=== Study material ===

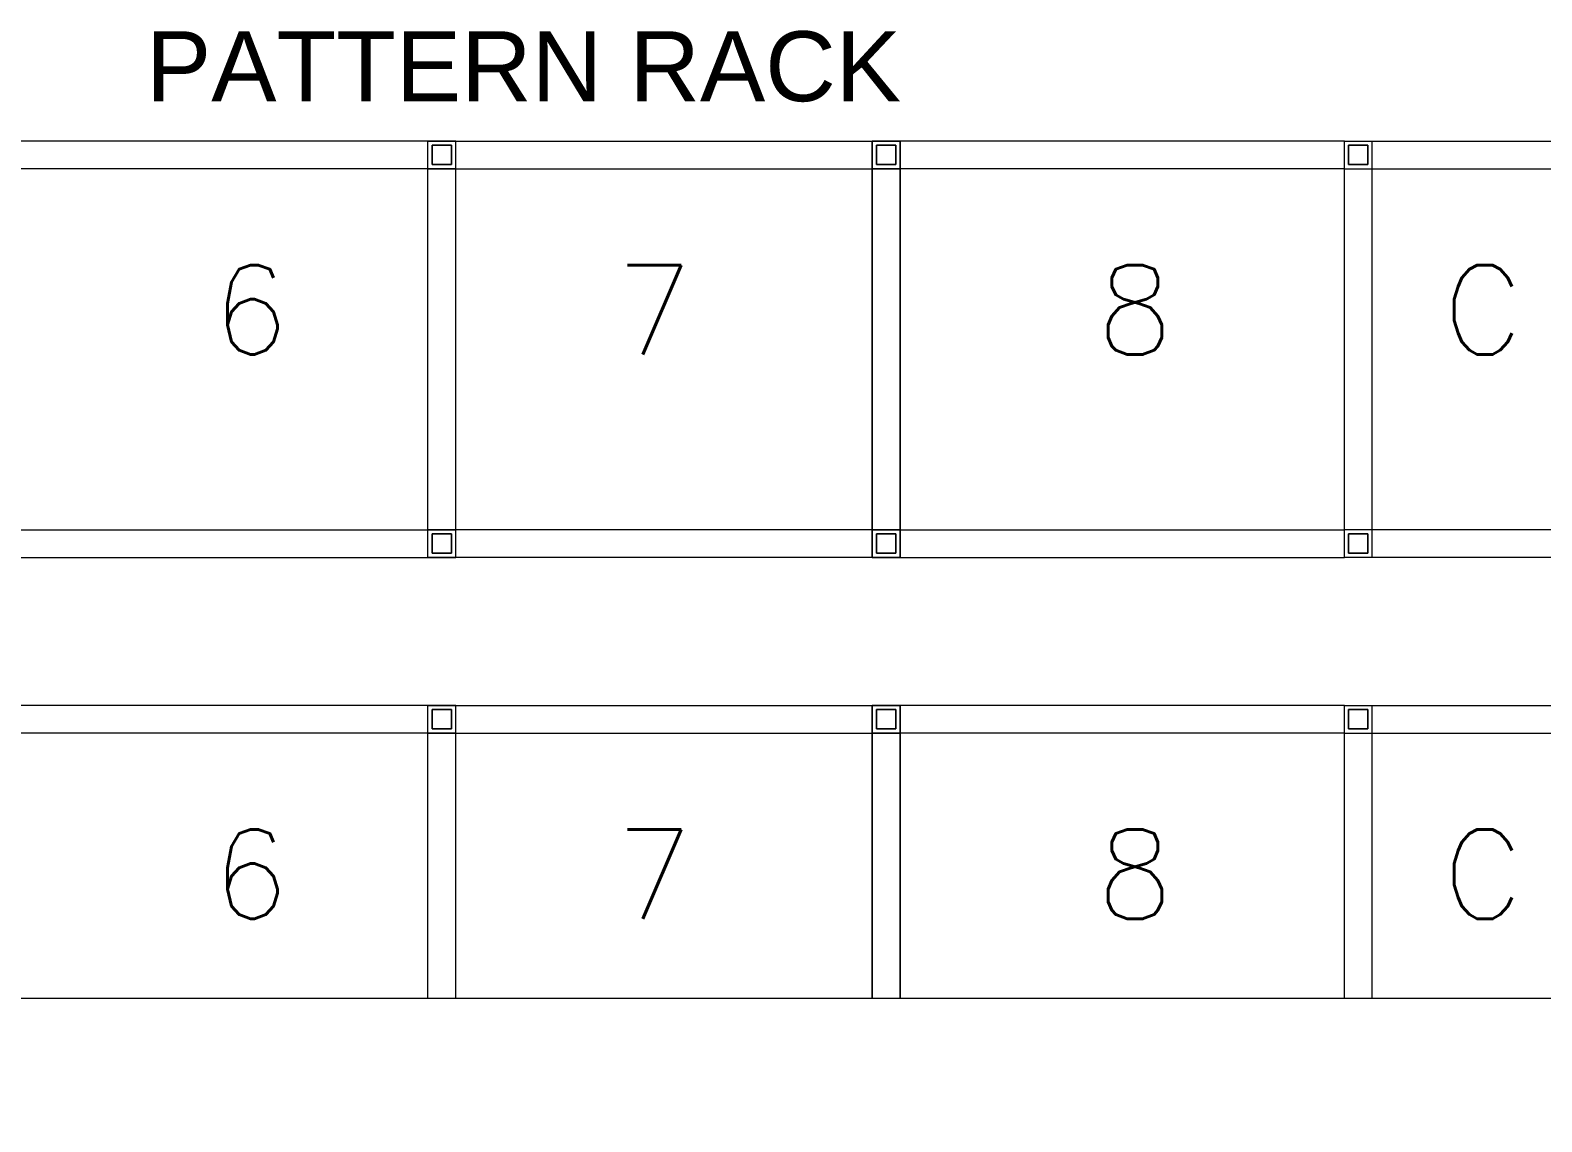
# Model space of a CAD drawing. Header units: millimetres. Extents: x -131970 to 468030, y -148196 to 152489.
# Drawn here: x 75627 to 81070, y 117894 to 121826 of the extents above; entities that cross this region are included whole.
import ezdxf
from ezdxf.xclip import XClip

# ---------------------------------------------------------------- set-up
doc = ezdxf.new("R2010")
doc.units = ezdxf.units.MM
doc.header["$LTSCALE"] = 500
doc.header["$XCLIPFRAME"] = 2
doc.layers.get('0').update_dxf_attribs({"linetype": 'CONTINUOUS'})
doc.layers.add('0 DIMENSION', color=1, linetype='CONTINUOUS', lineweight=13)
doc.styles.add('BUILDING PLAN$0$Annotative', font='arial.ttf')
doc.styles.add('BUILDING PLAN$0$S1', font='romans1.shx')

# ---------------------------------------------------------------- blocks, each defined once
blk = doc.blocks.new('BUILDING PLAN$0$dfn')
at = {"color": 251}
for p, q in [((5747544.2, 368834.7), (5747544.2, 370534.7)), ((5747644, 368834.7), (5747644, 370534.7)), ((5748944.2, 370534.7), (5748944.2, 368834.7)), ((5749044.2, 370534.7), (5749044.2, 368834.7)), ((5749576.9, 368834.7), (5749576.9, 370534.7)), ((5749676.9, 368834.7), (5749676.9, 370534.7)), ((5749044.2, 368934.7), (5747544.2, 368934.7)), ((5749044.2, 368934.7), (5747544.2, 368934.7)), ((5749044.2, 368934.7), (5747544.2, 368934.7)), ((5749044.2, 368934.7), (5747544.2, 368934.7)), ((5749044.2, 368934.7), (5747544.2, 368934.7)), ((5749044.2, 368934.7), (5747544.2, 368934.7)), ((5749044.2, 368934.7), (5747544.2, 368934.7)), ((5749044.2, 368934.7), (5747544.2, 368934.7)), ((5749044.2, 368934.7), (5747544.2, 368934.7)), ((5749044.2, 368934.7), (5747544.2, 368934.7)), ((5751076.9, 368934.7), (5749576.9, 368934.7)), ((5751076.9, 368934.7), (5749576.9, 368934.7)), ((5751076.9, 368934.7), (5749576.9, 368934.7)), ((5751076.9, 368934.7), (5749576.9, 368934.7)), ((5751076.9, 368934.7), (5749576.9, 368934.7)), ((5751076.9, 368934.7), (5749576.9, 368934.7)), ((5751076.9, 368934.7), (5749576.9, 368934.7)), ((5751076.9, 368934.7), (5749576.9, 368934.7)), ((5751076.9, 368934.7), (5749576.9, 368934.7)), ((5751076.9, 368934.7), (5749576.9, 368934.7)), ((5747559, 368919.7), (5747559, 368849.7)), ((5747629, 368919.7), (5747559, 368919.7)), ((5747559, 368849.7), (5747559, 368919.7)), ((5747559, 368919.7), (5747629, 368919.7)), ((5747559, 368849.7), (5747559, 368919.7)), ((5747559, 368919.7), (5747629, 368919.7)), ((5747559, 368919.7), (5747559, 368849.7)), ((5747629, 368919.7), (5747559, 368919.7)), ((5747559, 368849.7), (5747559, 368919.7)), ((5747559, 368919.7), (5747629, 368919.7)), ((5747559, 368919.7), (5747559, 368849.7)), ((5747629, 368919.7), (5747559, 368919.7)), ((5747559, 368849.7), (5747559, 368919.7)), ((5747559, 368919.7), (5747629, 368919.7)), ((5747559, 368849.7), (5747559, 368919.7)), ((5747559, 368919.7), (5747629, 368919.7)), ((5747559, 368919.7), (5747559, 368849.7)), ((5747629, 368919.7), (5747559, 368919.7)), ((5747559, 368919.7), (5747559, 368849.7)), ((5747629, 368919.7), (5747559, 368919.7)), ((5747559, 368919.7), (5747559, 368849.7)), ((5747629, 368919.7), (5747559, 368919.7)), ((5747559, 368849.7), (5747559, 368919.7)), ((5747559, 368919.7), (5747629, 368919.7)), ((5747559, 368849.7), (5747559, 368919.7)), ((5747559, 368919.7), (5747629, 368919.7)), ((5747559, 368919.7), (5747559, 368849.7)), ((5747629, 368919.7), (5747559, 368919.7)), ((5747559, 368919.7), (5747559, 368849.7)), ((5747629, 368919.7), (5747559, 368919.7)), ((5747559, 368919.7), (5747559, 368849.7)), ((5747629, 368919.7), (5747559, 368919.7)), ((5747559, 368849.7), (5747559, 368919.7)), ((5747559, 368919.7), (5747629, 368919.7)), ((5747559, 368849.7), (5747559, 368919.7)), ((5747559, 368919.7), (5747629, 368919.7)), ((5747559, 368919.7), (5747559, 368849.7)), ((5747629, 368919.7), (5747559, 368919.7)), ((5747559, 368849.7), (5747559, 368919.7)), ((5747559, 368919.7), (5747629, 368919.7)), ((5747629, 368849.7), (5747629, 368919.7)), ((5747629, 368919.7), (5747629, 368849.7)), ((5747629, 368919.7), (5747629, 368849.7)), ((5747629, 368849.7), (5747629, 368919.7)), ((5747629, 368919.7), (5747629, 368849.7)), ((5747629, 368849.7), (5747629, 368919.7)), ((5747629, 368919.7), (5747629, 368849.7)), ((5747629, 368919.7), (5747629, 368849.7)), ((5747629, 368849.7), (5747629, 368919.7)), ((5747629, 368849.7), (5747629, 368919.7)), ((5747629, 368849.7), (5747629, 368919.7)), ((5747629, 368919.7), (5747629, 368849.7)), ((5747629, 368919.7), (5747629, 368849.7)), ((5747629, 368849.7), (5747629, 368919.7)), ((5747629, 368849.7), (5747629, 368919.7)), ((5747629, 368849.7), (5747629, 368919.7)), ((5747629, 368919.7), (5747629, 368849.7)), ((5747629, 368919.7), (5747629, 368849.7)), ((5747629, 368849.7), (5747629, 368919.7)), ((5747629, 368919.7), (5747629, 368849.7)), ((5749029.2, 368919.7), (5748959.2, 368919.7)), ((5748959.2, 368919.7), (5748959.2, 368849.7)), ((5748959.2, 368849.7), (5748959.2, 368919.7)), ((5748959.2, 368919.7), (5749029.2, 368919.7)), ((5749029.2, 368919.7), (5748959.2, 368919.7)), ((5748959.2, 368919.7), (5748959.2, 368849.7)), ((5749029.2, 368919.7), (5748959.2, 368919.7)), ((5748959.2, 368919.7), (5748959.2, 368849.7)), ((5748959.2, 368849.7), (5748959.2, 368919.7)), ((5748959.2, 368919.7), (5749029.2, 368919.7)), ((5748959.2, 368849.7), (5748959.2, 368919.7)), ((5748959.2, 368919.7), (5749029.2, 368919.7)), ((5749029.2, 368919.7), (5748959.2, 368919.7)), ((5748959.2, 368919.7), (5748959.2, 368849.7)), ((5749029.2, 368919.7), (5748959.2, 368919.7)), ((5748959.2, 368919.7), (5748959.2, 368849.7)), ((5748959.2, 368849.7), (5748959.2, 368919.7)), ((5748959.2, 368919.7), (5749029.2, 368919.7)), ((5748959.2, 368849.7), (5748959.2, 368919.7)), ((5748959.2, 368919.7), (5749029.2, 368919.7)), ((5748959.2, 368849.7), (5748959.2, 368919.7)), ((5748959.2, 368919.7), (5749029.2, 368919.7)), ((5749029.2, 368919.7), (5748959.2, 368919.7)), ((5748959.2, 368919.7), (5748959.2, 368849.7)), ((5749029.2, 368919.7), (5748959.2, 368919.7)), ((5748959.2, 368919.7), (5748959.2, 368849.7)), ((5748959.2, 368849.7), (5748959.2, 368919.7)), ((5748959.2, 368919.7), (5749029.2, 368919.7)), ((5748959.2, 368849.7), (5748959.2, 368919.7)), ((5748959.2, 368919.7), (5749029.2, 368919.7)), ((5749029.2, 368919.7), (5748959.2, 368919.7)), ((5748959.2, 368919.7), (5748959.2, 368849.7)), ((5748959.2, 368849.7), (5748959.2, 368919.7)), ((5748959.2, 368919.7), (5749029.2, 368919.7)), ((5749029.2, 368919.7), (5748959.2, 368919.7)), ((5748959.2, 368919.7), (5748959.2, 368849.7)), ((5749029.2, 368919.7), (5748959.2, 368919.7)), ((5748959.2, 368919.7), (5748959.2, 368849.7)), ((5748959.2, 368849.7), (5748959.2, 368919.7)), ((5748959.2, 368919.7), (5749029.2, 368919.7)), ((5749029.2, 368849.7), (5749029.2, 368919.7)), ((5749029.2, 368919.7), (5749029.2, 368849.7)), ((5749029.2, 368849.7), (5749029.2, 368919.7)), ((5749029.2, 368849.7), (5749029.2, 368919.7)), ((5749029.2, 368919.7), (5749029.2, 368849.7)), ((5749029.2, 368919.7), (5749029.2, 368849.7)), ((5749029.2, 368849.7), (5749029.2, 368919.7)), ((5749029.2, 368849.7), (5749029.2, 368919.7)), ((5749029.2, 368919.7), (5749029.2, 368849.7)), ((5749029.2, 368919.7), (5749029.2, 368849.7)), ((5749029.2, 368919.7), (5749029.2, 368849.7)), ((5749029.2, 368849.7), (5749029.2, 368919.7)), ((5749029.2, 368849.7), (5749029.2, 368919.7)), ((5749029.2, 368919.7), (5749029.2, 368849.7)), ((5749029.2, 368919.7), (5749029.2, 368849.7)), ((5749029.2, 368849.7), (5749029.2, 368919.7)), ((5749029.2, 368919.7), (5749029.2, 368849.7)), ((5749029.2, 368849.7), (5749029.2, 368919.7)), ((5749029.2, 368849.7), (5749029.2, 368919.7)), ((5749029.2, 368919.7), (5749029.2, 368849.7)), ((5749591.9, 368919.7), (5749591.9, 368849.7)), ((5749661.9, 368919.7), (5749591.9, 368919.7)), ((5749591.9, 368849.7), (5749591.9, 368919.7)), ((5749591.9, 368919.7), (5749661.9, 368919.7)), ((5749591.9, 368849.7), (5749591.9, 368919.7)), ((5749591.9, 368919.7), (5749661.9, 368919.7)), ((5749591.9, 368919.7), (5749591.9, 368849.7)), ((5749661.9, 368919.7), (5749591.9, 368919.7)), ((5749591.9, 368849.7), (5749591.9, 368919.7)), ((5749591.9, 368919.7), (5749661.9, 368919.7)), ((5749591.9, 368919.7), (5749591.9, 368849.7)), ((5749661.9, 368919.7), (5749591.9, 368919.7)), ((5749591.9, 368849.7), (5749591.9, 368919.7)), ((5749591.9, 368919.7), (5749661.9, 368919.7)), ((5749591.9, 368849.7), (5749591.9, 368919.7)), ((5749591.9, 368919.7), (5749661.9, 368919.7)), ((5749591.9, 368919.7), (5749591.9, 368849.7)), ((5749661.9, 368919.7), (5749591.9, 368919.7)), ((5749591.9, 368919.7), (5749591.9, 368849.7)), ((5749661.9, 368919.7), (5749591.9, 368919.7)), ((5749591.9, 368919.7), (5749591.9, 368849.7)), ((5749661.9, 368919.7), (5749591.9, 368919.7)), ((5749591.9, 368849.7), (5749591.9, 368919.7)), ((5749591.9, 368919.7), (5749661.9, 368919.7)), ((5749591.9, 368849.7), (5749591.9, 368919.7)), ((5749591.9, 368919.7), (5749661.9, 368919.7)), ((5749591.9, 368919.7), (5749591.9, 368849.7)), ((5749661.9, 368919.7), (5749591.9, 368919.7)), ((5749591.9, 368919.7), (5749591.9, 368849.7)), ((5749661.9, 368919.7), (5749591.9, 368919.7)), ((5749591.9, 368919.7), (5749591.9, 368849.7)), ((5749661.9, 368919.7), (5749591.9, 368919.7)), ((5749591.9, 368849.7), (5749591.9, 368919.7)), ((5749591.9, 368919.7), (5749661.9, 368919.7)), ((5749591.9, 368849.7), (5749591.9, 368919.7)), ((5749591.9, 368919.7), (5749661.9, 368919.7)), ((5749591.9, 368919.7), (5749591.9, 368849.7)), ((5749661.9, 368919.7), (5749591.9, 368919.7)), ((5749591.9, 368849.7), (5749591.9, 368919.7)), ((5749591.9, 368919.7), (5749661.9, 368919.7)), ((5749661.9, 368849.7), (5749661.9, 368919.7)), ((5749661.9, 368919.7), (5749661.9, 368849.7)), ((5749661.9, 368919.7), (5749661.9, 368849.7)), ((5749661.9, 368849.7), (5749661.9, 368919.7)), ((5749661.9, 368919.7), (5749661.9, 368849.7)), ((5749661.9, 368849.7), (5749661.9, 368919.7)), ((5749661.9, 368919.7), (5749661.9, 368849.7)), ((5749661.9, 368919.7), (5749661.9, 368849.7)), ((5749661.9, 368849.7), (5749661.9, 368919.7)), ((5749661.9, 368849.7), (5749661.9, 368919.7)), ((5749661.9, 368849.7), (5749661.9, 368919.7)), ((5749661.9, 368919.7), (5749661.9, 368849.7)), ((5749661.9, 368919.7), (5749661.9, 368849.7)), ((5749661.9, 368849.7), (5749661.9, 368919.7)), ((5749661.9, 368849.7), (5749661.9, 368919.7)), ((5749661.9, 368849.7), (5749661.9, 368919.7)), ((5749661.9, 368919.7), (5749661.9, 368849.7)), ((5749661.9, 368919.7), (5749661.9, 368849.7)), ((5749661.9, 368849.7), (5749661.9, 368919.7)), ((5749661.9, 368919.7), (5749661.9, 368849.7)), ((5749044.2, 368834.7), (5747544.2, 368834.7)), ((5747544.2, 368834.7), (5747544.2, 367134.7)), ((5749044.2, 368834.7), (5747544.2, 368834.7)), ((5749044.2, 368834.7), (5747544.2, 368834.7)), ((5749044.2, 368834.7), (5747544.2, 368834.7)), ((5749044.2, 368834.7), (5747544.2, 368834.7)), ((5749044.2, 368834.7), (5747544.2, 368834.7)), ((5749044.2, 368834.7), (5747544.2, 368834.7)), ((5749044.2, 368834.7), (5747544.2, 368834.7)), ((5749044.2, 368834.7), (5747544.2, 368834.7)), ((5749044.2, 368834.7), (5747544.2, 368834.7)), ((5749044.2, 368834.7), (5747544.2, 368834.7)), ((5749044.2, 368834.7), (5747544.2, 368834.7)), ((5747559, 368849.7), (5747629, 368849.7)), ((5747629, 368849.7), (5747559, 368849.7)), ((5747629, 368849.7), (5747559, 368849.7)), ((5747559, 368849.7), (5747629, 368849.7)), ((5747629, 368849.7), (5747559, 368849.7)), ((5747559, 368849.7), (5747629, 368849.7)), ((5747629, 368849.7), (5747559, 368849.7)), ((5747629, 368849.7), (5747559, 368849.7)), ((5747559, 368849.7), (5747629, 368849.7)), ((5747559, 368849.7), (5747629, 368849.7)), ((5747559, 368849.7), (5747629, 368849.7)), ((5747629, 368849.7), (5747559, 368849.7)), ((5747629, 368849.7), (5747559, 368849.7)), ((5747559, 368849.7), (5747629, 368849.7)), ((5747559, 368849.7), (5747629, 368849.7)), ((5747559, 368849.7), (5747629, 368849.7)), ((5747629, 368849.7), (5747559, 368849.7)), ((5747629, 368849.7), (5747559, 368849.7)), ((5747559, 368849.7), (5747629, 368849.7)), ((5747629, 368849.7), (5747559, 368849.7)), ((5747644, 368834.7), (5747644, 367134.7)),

=== Aim of the task ===
Count each line above in which the string "ezdxf" appears, then state only the total.

=== Answer ===
4